◆ What is expected ◆
Find all lines below containing the string "MATLAB" and return them.
--- Provided records Enclosed Below ---
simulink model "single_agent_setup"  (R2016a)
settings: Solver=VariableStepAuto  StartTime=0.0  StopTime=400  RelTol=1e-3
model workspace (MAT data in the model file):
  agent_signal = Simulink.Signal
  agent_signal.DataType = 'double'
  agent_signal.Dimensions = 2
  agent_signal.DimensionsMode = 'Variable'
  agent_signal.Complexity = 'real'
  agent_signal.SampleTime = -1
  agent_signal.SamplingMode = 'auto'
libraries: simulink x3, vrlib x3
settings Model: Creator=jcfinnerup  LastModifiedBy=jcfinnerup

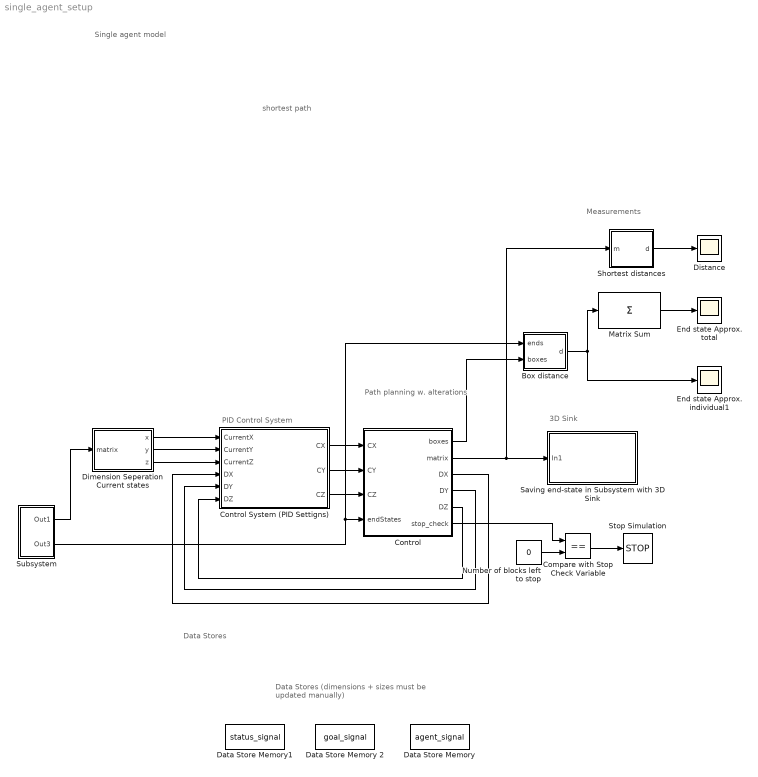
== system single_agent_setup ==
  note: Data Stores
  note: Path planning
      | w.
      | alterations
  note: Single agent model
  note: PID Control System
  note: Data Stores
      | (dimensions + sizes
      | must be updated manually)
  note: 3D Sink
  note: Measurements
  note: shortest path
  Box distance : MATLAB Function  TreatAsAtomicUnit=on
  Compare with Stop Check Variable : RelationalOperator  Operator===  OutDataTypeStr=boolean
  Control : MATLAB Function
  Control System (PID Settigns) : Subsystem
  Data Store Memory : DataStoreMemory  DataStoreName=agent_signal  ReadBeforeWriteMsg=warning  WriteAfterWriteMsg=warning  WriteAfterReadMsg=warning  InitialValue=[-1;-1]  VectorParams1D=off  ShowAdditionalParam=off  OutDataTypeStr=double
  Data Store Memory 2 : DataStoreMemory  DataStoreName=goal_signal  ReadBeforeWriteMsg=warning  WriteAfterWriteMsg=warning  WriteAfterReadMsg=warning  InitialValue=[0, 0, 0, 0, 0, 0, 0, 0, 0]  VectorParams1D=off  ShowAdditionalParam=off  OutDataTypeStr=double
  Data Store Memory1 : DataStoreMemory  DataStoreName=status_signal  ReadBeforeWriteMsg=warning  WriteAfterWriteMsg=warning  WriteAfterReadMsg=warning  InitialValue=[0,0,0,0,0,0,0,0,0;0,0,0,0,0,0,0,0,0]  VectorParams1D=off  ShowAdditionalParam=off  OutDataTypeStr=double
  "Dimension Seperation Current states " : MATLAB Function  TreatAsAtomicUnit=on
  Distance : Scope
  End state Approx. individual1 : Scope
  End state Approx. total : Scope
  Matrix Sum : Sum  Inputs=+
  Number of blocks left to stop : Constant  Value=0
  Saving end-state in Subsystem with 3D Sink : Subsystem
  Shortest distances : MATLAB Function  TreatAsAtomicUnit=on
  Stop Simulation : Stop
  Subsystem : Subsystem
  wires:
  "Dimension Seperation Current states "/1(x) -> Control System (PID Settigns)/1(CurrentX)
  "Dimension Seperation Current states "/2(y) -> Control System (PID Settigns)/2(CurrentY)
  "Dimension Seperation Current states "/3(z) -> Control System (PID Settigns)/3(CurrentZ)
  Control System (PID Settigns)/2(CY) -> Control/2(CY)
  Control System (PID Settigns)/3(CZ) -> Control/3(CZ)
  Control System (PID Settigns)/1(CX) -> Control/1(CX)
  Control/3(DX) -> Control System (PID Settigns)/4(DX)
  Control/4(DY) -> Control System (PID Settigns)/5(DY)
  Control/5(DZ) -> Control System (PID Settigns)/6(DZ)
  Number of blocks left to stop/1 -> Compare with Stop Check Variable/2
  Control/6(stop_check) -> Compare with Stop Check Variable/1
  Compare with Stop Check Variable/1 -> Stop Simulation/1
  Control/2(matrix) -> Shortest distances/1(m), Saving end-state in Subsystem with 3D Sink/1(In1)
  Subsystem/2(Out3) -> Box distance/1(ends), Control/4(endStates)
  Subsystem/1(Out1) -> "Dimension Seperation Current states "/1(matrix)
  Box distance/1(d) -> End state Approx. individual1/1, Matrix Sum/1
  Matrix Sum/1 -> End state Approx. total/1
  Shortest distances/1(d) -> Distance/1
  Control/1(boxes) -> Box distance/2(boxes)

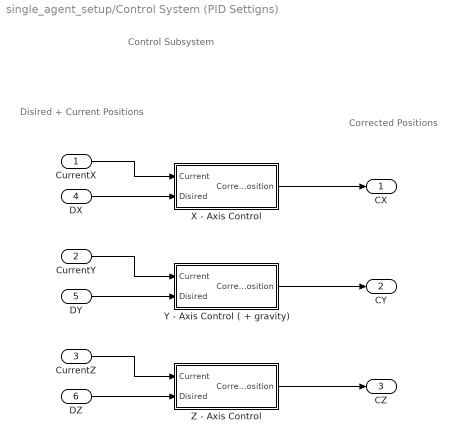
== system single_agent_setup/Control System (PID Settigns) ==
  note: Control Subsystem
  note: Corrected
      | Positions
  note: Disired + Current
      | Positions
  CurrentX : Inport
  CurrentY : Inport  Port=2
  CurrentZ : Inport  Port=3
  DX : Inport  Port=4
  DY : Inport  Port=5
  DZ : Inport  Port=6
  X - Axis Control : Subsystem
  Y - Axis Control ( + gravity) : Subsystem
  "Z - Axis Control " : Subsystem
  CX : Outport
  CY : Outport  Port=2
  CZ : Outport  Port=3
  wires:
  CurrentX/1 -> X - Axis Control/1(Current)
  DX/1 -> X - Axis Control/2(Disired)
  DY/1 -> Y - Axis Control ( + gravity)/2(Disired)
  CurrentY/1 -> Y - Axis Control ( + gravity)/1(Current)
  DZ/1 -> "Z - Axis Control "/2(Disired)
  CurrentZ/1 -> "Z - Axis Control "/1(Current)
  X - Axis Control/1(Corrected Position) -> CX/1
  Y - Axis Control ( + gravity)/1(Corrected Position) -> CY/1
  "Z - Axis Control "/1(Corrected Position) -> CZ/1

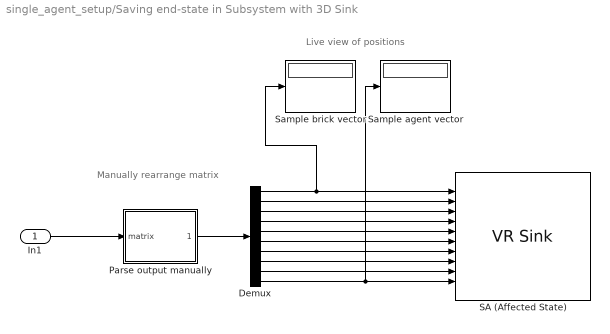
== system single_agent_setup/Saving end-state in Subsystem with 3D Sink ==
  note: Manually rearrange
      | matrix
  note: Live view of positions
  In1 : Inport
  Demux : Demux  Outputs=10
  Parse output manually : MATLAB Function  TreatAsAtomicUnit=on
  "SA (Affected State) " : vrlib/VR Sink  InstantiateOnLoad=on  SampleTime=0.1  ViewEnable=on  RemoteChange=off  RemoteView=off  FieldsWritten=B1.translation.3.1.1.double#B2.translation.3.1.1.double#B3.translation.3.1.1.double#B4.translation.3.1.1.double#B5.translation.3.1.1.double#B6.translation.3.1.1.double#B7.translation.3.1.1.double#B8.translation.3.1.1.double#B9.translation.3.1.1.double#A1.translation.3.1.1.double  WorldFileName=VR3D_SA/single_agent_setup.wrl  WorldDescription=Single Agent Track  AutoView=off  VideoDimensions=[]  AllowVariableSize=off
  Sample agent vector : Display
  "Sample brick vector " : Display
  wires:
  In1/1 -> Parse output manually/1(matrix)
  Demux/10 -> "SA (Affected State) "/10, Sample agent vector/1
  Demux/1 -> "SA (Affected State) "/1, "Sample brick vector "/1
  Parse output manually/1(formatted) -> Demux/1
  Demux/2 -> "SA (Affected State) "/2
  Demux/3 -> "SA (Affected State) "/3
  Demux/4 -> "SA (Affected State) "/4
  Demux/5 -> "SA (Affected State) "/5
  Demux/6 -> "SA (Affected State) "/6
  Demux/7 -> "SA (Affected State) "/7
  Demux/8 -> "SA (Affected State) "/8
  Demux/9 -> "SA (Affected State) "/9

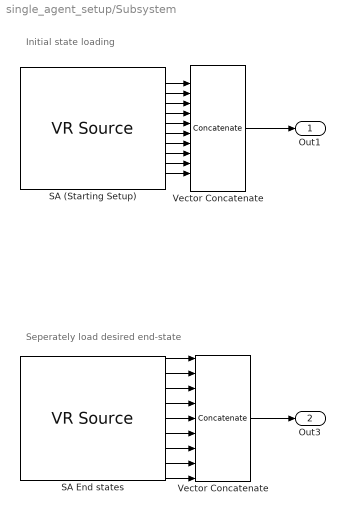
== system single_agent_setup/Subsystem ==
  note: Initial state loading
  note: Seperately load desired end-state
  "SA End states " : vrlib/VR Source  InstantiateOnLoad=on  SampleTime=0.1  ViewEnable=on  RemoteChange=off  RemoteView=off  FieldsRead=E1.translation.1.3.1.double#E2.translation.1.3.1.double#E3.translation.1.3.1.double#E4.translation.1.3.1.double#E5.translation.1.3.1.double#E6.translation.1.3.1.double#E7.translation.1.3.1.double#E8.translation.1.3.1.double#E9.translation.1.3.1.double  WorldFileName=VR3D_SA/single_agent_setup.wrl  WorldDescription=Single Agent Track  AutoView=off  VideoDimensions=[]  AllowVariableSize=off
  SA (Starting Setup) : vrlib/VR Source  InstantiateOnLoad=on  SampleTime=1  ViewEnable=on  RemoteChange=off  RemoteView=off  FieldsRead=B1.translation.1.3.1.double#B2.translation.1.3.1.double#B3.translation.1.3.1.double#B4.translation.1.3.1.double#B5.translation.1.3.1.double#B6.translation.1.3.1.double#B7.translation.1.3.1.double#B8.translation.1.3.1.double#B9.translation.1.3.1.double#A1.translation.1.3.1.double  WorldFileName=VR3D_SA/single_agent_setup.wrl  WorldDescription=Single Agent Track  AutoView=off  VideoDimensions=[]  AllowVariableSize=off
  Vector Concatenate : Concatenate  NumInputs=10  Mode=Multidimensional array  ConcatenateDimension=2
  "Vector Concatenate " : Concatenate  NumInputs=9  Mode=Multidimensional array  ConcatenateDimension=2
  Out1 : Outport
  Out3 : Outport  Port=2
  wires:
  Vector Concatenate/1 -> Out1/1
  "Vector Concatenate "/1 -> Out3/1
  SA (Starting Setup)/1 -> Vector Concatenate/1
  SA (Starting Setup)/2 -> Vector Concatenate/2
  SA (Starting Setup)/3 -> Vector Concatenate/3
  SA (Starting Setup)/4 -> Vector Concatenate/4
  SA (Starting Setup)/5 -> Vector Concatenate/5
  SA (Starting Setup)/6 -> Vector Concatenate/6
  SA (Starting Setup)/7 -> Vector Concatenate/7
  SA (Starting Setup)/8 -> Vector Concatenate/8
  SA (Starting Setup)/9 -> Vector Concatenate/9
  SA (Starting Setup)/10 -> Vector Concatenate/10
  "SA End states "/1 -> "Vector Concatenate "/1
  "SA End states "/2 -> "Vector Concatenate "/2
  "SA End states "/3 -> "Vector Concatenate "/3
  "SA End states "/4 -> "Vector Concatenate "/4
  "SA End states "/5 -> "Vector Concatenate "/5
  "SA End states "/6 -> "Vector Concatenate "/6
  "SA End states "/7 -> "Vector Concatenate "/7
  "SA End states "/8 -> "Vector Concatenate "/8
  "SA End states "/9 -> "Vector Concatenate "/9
--- End of Enclosed Provided records ---
◆ Answer to this exercise ◆
  Box distance : MATLAB Function  TreatAsAtomicUnit=on
  Control : MATLAB Function
  "Dimension Seperation Current states " : MATLAB Function  TreatAsAtomicUnit=on
  Shortest distances : MATLAB Function  TreatAsAtomicUnit=on
  Parse output manually : MATLAB Function  TreatAsAtomicUnit=on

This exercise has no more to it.